#### EXERCISE REQUIREMENTS
The output should be all lines of the entries below in which the word "saveVarsMat" occurs.

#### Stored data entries
━━━━━━━━━━━━━━━━
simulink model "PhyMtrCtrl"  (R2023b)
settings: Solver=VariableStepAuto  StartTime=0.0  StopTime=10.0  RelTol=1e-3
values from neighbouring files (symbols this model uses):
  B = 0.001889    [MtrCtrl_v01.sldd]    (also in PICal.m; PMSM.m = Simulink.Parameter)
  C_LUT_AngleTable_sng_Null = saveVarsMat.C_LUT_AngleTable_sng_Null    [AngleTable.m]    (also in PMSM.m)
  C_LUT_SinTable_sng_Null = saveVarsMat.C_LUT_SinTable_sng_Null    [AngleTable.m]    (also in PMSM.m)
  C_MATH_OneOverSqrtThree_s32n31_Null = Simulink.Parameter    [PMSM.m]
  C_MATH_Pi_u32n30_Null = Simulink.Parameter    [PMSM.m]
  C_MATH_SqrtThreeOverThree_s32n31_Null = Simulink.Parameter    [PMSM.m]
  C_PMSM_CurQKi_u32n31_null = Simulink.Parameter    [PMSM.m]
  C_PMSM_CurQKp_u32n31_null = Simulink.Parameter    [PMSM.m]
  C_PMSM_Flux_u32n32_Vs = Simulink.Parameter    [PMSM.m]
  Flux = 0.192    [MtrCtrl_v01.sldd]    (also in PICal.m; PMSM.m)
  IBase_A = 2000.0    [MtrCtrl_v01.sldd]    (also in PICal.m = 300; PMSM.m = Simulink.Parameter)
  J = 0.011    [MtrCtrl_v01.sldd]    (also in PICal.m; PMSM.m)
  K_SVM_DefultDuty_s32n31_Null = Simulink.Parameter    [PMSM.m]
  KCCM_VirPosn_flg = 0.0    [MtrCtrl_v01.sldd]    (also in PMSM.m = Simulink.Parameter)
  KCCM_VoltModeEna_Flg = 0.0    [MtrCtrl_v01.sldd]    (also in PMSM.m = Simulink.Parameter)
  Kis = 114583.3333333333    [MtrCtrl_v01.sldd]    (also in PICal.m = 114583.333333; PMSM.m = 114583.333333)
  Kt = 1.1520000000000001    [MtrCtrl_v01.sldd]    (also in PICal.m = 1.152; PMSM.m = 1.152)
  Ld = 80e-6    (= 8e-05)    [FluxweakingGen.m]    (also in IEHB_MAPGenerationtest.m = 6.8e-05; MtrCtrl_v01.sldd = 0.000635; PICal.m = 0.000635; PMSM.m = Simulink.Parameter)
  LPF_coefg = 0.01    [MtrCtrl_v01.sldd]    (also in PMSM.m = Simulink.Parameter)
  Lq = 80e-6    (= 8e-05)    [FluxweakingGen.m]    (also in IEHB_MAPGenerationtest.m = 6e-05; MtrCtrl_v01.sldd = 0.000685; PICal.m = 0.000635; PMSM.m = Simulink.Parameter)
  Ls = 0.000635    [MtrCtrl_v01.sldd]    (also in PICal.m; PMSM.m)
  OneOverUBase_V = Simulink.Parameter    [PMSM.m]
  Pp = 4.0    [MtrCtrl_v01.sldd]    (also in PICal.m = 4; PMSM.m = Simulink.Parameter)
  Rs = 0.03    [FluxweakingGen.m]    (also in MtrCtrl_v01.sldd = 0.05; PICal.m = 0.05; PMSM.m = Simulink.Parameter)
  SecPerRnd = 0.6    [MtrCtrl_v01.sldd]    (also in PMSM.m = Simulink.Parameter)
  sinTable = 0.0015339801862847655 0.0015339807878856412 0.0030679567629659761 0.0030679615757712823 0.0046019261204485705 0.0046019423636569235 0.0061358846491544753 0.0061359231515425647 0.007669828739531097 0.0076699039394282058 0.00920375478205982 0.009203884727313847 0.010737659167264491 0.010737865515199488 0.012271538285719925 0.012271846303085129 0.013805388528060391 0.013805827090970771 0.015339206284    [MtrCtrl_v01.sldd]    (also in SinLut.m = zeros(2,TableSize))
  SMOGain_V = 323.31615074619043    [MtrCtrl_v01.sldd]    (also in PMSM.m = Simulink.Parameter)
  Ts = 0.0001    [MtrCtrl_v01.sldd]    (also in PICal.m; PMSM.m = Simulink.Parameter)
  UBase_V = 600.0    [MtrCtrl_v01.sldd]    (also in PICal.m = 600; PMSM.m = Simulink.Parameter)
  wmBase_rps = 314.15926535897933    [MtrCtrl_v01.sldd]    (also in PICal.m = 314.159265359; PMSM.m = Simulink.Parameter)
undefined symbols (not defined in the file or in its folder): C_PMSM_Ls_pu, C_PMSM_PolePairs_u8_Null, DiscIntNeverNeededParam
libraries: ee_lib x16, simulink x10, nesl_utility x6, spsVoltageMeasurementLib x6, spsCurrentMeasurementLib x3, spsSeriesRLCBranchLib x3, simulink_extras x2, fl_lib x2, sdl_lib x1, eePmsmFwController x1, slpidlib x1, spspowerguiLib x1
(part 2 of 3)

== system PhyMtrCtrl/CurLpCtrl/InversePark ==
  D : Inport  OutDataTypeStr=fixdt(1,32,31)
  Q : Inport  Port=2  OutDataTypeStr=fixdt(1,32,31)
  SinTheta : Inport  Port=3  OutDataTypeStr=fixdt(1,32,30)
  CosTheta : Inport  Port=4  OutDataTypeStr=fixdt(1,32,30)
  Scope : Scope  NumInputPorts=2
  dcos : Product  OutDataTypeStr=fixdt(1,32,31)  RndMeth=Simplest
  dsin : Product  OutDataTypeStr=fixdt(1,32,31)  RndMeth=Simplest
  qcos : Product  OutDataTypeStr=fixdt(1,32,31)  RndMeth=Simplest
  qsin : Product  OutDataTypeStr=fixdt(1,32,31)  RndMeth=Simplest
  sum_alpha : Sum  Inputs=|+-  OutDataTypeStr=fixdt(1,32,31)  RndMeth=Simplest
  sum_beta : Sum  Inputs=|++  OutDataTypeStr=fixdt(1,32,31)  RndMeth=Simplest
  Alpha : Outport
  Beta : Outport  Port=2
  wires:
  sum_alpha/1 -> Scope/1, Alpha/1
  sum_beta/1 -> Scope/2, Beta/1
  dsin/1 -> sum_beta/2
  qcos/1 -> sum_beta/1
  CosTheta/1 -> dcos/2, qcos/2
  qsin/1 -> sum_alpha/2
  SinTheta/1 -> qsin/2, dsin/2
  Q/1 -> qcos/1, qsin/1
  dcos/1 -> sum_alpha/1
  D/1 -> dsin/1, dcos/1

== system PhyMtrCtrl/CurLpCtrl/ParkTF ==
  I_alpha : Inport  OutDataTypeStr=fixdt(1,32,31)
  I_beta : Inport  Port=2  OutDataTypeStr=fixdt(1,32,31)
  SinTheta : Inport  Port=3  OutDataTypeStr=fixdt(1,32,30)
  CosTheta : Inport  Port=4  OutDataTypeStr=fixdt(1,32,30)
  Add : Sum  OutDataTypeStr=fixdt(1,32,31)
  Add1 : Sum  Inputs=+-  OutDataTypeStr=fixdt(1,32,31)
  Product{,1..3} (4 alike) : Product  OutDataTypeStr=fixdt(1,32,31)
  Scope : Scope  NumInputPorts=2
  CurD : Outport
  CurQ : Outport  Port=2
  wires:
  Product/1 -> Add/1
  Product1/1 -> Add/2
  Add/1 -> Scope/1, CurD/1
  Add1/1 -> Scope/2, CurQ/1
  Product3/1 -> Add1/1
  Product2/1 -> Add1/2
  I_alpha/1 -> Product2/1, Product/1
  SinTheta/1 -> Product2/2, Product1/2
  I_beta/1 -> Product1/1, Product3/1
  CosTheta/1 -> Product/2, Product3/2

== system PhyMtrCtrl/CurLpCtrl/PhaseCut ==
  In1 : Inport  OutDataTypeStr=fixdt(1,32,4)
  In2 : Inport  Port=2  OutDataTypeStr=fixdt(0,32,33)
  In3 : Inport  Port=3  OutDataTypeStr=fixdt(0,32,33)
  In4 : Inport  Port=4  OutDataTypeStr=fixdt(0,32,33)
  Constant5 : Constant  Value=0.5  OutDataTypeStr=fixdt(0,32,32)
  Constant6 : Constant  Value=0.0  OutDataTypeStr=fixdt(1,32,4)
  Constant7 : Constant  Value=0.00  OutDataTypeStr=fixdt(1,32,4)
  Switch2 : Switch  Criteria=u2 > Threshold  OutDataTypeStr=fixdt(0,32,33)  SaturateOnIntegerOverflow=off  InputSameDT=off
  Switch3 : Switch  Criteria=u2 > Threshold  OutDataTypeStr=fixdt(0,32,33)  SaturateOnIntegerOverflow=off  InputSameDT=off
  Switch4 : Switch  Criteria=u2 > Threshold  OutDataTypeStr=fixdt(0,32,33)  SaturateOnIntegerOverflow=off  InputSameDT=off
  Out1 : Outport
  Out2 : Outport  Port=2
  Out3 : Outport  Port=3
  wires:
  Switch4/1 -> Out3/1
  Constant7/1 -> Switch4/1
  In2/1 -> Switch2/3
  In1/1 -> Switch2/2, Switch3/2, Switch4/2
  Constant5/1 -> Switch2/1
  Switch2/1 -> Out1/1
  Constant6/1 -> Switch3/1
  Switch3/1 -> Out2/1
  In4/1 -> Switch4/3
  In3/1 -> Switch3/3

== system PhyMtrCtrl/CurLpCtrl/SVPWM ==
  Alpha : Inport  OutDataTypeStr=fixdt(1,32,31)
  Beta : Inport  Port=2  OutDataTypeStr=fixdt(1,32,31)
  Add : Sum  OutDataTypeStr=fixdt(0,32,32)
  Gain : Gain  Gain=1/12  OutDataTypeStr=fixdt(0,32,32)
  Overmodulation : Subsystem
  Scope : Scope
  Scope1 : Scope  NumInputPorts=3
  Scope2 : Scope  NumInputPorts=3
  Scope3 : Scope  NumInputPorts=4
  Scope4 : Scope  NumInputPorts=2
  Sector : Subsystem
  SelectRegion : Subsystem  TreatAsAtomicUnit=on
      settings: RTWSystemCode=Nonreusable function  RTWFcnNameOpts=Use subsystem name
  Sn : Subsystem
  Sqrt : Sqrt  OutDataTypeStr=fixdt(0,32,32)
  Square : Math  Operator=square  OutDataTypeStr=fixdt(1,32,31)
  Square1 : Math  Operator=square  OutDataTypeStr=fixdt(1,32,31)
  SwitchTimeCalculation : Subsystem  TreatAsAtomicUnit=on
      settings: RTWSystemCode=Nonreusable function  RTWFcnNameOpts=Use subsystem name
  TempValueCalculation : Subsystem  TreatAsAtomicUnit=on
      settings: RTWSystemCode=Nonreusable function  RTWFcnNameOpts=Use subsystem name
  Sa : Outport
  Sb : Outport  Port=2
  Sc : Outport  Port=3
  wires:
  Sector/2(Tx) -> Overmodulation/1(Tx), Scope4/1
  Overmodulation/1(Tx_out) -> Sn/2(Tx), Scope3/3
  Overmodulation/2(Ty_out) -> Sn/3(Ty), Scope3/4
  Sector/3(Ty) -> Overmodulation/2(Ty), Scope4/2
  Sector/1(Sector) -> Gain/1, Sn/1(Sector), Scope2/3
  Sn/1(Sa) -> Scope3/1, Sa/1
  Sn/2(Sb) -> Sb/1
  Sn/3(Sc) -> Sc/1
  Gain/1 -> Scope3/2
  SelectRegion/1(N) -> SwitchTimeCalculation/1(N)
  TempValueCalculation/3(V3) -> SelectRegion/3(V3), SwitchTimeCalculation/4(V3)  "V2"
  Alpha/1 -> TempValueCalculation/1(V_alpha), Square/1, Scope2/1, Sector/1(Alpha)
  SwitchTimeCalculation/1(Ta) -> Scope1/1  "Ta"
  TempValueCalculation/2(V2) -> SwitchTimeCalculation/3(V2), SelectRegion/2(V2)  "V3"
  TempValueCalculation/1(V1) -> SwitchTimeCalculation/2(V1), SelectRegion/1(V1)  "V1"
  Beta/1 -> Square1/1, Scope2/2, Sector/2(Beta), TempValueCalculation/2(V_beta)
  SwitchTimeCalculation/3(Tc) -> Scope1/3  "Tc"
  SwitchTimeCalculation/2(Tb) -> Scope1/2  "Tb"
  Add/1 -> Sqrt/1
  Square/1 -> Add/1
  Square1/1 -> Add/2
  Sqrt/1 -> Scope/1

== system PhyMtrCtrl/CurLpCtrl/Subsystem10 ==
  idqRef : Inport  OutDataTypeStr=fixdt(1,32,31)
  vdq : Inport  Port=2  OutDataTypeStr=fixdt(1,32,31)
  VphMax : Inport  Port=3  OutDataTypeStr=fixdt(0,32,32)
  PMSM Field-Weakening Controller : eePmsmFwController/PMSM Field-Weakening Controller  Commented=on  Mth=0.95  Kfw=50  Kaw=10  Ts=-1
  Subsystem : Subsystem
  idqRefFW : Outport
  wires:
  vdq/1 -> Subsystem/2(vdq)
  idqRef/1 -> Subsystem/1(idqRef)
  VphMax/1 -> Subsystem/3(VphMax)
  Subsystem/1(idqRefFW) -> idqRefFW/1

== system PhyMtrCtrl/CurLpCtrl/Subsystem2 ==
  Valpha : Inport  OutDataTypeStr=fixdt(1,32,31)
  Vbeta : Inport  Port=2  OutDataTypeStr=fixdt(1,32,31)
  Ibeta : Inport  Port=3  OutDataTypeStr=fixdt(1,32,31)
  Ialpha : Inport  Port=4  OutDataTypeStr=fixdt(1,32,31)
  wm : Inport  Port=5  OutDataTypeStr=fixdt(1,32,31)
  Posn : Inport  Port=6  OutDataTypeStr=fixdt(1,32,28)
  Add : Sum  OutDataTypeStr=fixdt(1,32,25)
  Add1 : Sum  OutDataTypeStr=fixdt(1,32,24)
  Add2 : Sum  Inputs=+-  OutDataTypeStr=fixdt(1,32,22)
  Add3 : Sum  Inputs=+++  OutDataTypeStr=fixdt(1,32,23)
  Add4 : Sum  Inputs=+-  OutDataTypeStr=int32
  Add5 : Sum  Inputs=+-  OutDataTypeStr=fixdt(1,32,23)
━━━━━━━━━━━━━━━━
#### WRITTEN ANSWER
  C_LUT_AngleTable_sng_Null = saveVarsMat.C_LUT_AngleTable_sng_Null    [AngleTable.m]    (also in PMSM.m)
  C_LUT_SinTable_sng_Null = saveVarsMat.C_LUT_SinTable_sng_Null    [AngleTable.m]    (also in PMSM.m)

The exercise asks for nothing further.